Ahead of the Fed meeting, the firmer US Dollar pushed NZD/USD down, settling around 0.5885

    by VT Markets
    /
    Apr 29, 2026

    NZD/USD fell 0.4% on Tuesday and closed near 0.5885, after reaching about 0.5925 and failing again at 0.5900. It moved in a 65-pip range between 0.5860 and 0.5925, with lower highs forming as early strength faded.

    In New Zealand, focus shifts to an RBNZ speech by Breman on Wednesday and the ANZ-Roy Morgan consumer confidence release on Thursday. The prior confidence reading was 91.3, while the Iran conflict has pushed up commodity prices and freight costs, and Australia’s PPI is due on Friday.

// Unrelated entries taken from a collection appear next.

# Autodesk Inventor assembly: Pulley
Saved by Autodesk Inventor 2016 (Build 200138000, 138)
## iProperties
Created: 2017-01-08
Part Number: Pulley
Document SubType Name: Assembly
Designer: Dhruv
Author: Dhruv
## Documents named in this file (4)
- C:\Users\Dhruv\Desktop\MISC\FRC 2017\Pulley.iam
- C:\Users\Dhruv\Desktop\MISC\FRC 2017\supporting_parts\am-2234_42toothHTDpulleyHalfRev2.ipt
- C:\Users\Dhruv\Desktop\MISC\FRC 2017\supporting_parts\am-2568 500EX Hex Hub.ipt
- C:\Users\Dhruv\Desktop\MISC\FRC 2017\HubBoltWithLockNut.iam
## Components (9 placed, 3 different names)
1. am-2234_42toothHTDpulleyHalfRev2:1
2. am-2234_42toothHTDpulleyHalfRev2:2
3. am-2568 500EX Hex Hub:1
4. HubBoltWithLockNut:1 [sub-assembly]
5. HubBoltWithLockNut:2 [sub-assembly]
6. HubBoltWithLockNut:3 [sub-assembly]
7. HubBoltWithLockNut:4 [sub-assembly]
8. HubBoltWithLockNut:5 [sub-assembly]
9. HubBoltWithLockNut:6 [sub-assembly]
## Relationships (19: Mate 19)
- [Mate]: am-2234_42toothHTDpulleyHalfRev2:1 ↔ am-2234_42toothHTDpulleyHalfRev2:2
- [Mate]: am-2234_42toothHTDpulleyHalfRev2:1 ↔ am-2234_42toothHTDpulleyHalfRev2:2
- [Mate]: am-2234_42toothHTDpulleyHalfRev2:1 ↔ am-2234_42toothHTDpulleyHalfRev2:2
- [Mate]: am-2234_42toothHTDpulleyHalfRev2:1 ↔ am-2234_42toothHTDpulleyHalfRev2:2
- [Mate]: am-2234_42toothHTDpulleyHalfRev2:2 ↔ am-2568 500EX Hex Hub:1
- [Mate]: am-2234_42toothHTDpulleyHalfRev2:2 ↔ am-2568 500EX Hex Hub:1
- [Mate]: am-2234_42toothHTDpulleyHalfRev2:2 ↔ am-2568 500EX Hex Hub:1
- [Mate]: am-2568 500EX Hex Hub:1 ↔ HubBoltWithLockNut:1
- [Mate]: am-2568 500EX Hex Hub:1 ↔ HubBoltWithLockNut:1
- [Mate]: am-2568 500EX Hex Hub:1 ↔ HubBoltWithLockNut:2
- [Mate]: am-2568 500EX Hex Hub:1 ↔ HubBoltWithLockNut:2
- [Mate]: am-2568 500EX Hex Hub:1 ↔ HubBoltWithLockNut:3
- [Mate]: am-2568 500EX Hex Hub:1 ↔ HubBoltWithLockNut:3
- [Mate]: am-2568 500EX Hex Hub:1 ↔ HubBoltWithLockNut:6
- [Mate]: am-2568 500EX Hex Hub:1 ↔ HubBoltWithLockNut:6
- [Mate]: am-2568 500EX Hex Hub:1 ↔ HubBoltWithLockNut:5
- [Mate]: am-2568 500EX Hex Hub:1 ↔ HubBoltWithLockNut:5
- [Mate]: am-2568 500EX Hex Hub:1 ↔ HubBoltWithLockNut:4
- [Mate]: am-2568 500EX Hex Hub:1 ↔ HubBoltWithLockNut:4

    Fed Event Risk And Us Data

    In the US, the Federal Reserve decision is due at 18:00 UTC on Wednesday, with rates expected to stay at 3.50% to 3.75%. Attention is also on Thursday’s US Q1 GDP and Core PCE, with Core PCE forecast at 3.2% year-on-year versus 3% previously.

    On a 15-minute view, the pair stayed below the daily open at 0.5915, with Stochastic RSI near 44. On the daily chart, it traded around 0.5885 above the 200-period and 50-period EMAs near 0.5850 to 0.5860, while Stochastic RSI sat near 74.

    Looking back to mid-2025, we saw the US Dollar strengthen significantly into that year’s Federal Reserve meetings. The hawkish tone from the Fed, driven by persistent inflation from the Iran conflict, did push NZD/USD below the 0.5850 support level we were watching. That downward pressure continued through the second half of 2025 as the Fed held rates firm.

    The environment has since changed dramatically as we approach May 2026. Geopolitical tensions eased late last year, causing oil prices to recede and helping cool global inflation. US Core PCE inflation has now fallen to 2.7% as of the March 2026 report, a significant drop from the 3.2% feared in 2025.

    Rbnz Fed Divergence And Kiwi Bias

    This has created a clear policy divergence between the central banks. The RBNZ, facing weaker domestic data like the ANZ consumer confidence number which currently sits at a subdued 85.1, already cut its official cash rate to 5.25% in February. The Federal Reserve, however, is only now signaling a potential first rate cut this summer, creating a tailwind for the Kiwi dollar.

    Given this outlook, traders should consider positioning for further NZD/USD strength. Buying call options with a strike price around 0.6150 expiring in the next two to three months offers a way to profit from a continued rally with a defined risk. This strategy capitalizes on the shifting interest rate differential favoring the New Zealand Dollar.

    Alternatively, using bull call spreads can reduce the upfront cost of getting long exposure. For instance, buying a 0.6100 call and selling a 0.6250 call would position for a steady, but not explosive, move higher. This reflects the view that while the trend has turned, the rally will be gradual as we await confirmation from upcoming US employment and inflation data.